Kidung Diatas Tanah Jawi episode 43

gatra 43

LANGIT BERSIH ketika matahari mulai turun ke balik cakrawala. Satu-satu bintang mulai nampak memancar. Namun senja belum juga menjadi gelap. Suasana senja yang tenang itu. Di pecahkan oleh suara berisik suara benda –benda yang seperti di lemparkan dari dalam sebuah rumah yang terlihat besar dan mewah di bandingkan rumah –rumah di sekitarnya. Tidak sampai itu saja suara makian seperti saling menimpali kegaduhan di rumah itu.

“Perempuan laknat! Perempuan tidak tahu diri!”
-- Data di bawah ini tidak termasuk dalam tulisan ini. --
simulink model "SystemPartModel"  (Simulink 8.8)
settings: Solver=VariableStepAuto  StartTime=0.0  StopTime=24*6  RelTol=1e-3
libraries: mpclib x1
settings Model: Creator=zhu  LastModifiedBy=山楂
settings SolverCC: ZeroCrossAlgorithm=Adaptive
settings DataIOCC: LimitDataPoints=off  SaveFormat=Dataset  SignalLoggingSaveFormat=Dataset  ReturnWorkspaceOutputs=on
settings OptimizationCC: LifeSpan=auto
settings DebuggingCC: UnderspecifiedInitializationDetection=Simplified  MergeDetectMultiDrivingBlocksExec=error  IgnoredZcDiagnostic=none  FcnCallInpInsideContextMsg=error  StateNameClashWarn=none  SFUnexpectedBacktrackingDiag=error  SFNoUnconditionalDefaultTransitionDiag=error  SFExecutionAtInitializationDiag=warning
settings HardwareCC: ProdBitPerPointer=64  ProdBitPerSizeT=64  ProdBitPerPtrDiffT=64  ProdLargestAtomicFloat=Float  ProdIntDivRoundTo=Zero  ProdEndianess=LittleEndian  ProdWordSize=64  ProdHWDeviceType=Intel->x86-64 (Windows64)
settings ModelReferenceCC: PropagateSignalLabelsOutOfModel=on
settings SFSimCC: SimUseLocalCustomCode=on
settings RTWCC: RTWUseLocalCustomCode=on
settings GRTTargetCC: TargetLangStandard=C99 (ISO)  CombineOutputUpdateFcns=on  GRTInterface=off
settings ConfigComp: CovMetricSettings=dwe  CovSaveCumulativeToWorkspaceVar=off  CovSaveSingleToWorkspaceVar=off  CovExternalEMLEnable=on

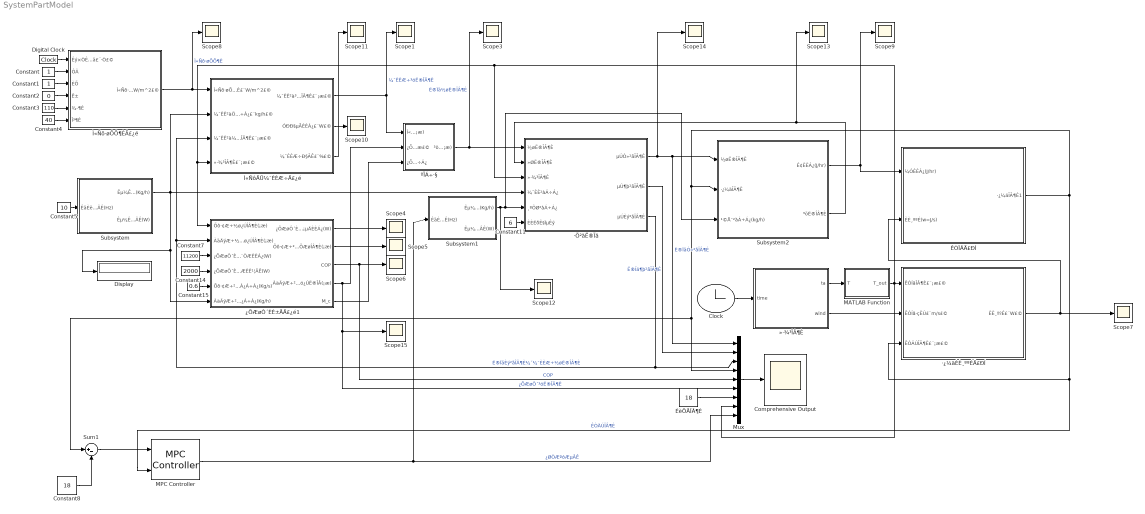
== system SystemPartModel ==
  Clock : Clock
      mask Display: image('$imagefile'); % Use "Edit Image" on toolstrip to change.
  Comprehensive Output : Scope
  Constant : Constant
  Constant1 : Constant
  Constant11 : Constant  Value=6
  Constant14 : Constant  Value=2000
  Constant15 : Constant  Value=0.6
  Constant2 : Constant  Value=0
  Constant3 : Constant  Value=110
  Constant4 : Constant  Value=40
  Constant5 : Constant  Value=10
  Constant7 : Constant  Value=11200
  Constant8 : Constant  Value=18
  Digital Clock : DigitalClock
  Display : Display
  MATLAB Function : MATLAB Function  TreatAsAtomicUnit=on
  MPC Controller : mpclib/MPC Controller  SCDEnableBlockLinearizationSpecification=on  is_multiple=0  enable_value=0  return_u0=off  updateMPCinCallerWorkspace=on  md_inport=off  mv_inport=off  uref_inport=off  cost_outport=off  return_sequence=off  return_qpstatus=off  return_xseq=off  return_state=off  return_ovseq=off  state_inport=off  umin_inport=off  umax_inport=off  ymin_inport=off  ymax_inport=off  cc_inport=off  ywt_inport=off  uwt_inport=off  duwt_inport=off  rhoeps_inport=off  pm_inport=off  MaximumP=10  HorizonChoice=FixedHorizon  n_ts=1  n_p=10  n_mv=1  n_md=1  n_ud=0  n_mo=1  n_uo=0  BlockDataType=double  SampleTimeInherited=off  switch_inport=off
  Mux : Mux  Inputs=9
  Scope{1,3..15} (14 alike) : Scope
  Subsystem : Subsystem
      mask Display: image('$imagefile'); % Use "Edit Image" on toolstrip to change.
  Subsystem1 : Subsystem
      mask Display: image('$imagefile'); % Use "Edit Image" on toolstrip to change.
  Subsystem2 : Subsystem
  Sum1 : Sum  Inputs=|+-
  分层水箱 : Subsystem
      mask Display: image('$imagefile'); % Use "Edit Image" on toolstrip to change.
  合流阀 : Subsystem
      mask Display: image('$imagefile'); % Use "Edit Image" on toolstrip to change.
  太阳能集热器模块 : Subsystem  mask{cw=4187, Ac=40, Mc=1000, UL=1, tau_alpha=0.86}
      mask prompts: cw "水定压比热容，J/kg*℃"; Ac "集热面积，m^2"; Mc "集热器贮水质量，kg"; UL "集热器热损系数，W/m^2"; tau_alpha "透射比和吸收比乘积有效系数"
      mask DialogControl DescGroupVar Prompt: 太阳能集热器模块
      mask Display: image('$imagefile'); % Use "Edit Image" on toolstrip to change.
  太阳辐照度模块 : Subsystem
      mask Display: image('$imagefile'); % Use "Edit Image" on toolstrip to change.
  室温模型 : Subsystem  mask{rou=1.29, ca=1003, V=423}
      mask prompts: rou "空气密度,kg/m^3"; ca "比热容,J/kg*K"; V "室内容积，m^3"
      mask Display: image('$imagefile'); % Use "Edit Image" on toolstrip to change.
  房间热负荷模型 : Subsystem
      mask Display: image('$imagefile'); % Use "Edit Image" on toolstrip to change.
  环境温度 : MATLAB Function  TreatAsAtomicUnit=on
  空气源热泵模块1 : Subsystem
      mask Display: image('$imagefile'); % Use "Edit Image" on toolstrip to change.
  设置温度 : Constant  Value=18
  wires:
  Digital Clock/1 -> 太阳辐照度模块/1(数字时间（分）)
  Constant/1 -> 太阳辐照度模块/2(月)
  Constant1/1 -> 太阳辐照度模块/3(日)
  Constant2/1 -> 太阳辐照度模块/4(时)
  Constant3/1 -> 太阳辐照度模块/5(经度)
  Constant4/1 -> 太阳辐照度模块/6(纬度)
  太阳辐照度模块/1(太阳辐照度（W/m^2）) -> Scope8/1, 太阳能集热器模块/1(太阳辐照度（W/m^2）)  "太阳辐照度"
  合流阀/1(出水温度(℃)) -> 分层水箱/1(进水温度), Scope3/1  "水箱进水温度"
  空气源热泵模块1/5(M_c) -> 合流阀/3(空气源流量)
  空气源热泵模块1/4(冷凝器侧出口水温(℃)) -> Mux/6, Scope15/1, 合流阀/2(空气源侧来水温度(℃）)  "空气源出水温度"
  太阳能集热器模块/1(集热侧出水温度（℃）) -> Scope1/1, 合流阀/1(太阳能侧来水温度(℃))  "集热器出水温度"
  分层水箱/1(第一层温度) -> Scope14/1, Subsystem2/1(进水温度), Mux/1  "水箱一层温度"
  Subsystem2/2(出水温度) -> Scope13/1, 分层水箱/2(回水温度)
  Constant11/1 -> 分层水箱/6(热损失系数)
  Constant7/1 -> 空气源热泵模块1/3(空气源热泵额定制热量(W))
  Constant14/1 -> 空气源热泵模块1/4(空气源热泵额定制热功率(W))
  Constant15/1 -> 空气源热泵模块1/5(蒸发器侧介质的质量流量(Kg/s))
  Mux/1 -> Comprehensive Output/1
  分层水箱/2(第二层温度) -> Mux/2  "水箱二层温度"
  分层水箱/3(第三层温度) -> 空气源热泵模块1/2(冷凝器进口温度(℃)), 太阳能集热器模块/3(集热侧进水温度（℃）), Mux/3  "水箱三层温度即集热器进水温度"
  空气源热泵模块1/1(空气源热泵蒸发器从热源侧提取的热量(W)) -> Scope4/1
  空气源热泵模块1/2(蒸发器侧出口空气温度(℃)) -> Scope5/1
  空气源热泵模块1/3(COP) -> Mux/5, Scope6/1  "COP"
  太阳能集热器模块/2(有效得热量（W）) -> Scope10/1
  太阳能集热器模块/3(集热器效率（%）) -> Scope11/1
  Constant5/1 -> Subsystem/1(输入频率(Hz))
  Subsystem/1(实际输出流量(Kg/h)) -> 太阳能集热器模块/2(集热侧质量流量（kg/h）), 分层水箱/4(集热侧流量), Display/1, 空气源热泵模块1/6(冷凝器侧介质的质量流量(Kg/h))
  环境温度/1(ta) -> MATLAB Function/1(T)
  环境温度/2(wind) -> 房间热负荷模型/2(室外风速（m/s）)
  Clock/1 -> 环境温度/1(time)
  室温模型/1(房间温度1) -> Subsystem2/2(房间温度), Sum1/1, Mux/4, MPC Controller/2, 房间热负荷模型/3(室内温度（℃）)  "室内温度"
  Subsystem1/1(实际输出流量(Kg/h)) -> Scope12/1, Subsystem2/3(供暖侧流量(kg/h)), 分层水箱/5(负载侧流量)
  Subsystem2/1(散热量(J/hr)) -> 室温模型/1(加热量(J/hr)), Scope9/1
  设置温度/1 -> Mux/7
  房间热负荷模型/1(热负荷（W）) -> 室温模型/2(热负荷(w=J/s)), Scope7/1
  MPC Controller/1 -> Mux/9, Subsystem1/1(输入频率(Hz))  "控制后频率"
  Constant8/1 -> Sum1/2
  MATLAB Function/1(T_out) -> Mux/8, 房间热负荷模型/1(室外温度（℃）), 分层水箱/3(环境温度), 空气源热泵模块1/1(蒸发器进口温度(℃)), 太阳能集热器模块/4(环境温度（℃）)
  Sum1/1 -> MPC Controller/1

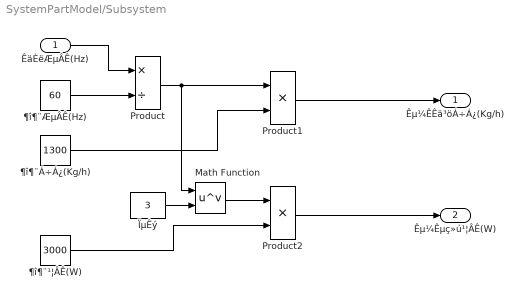
== system SystemPartModel/Subsystem ==
  输入频率(Hz) : Inport
  Math Function : Math  Operator=pow  SaturateOnIntegerOverflow=on
  Product : Product  Inputs=*/
  Product1 : Product
  Product2 : Product
  系数 : Constant  Value=3
  额定功率(W) : Constant  Value=3000
  额定流量(Kg/h) : Constant  Value=1300
  额定频率(Hz) : Constant  Value=60
  实际输出流量(Kg/h) : Outport
  实际电机功率(W) : Outport  Port=2
  wires:
  系数/1 -> Math Function/2
  Math Function/1 -> Product2/1
  额定频率(Hz)/1 -> Product/2
  额定流量(Kg/h)/1 -> Product1/2
  Product/1 -> Math Function/1, Product1/1
  额定功率(W)/1 -> Product2/2
  Product2/1 -> 实际电机功率(W)/1
  输入频率(Hz)/1 -> Product/1
  Product1/1 -> 实际输出流量(Kg/h)/1

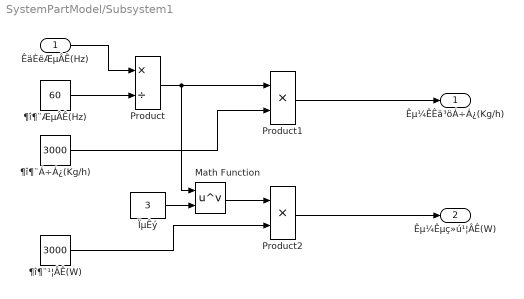
== system SystemPartModel/Subsystem1 ==
  输入频率(Hz) : Inport
  Math Function : Math  Operator=pow  SaturateOnIntegerOverflow=on
  Product : Product  Inputs=*/
  Product1 : Product
  Product2 : Product
  系数 : Constant  Value=3
  额定功率(W) : Constant  Value=3000
  额定流量(Kg/h) : Constant  Value=3000
  额定频率(Hz) : Constant  Value=60
  实际输出流量(Kg/h) : Outport
  实际电机功率(W) : Outport  Port=2
  wires:
  Product1/1 -> 实际输出流量(Kg/h)/1
  输入频率(Hz)/1 -> Product/1
  Product2/1 -> 实际电机功率(W)/1
  额定功率(W)/1 -> Product2/2
  Product/1 -> Product1/1, Math Function/1
  额定流量(Kg/h)/1 -> Product1/2
  额定频率(Hz)/1 -> Product/2
  Math Function/1 -> Product2/1
  系数/1 -> Math Function/2

== system SystemPartModel/Subsystem2 ==
  进水温度 : Inport
  房间温度 : Inport  Port=2
  供暖侧流量(kg/h) : Inport  Port=3
  Constant : Constant  Value=7.77
  Subsystem : Subsystem
  Subsystem1 : Subsystem
  散热量(J/hr) : Outport
  出水温度 : Outport  Port=2
  wires:
  房间温度/1 -> Subsystem/2(房间温度)
  进水温度/1 -> Subsystem1/3(进水温度), Subsystem/1(进水温度)
  Constant/1 -> ?
  Subsystem1/1(出水温度) -> 出水温度/1
  供暖侧流量(kg/h)/1 -> Subsystem1/2(供热流量(kg/h)), Subsystem/3(供热流量，kg/h)
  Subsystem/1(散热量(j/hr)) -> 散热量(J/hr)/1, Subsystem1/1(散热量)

Seorang pemuda berdiri dengan muka meras padam. Sepasang bola matanya serasa menyala merah. Dikepalkan tangan kanannya dan dipukulkannya meja kayu di hadapannya.

“Brakk…!”

Papan meja pecah. Keempat kaki meja amblas ke dalam lantai ubin dan ubin sendiri retak-retak! Kemudian dia berdiri. Tubuhnya menggeletar oleh amarah yang hampir tak bisa dikendalikannya lagi. Dan mulutnya terbuka kembali. Dia memaki-maki seorang diri.

“Perempuan keblinger! Ditinggal dua tahun malah kimpoi dengan lelaki lain! Hamil dan punya anak! Keparat!”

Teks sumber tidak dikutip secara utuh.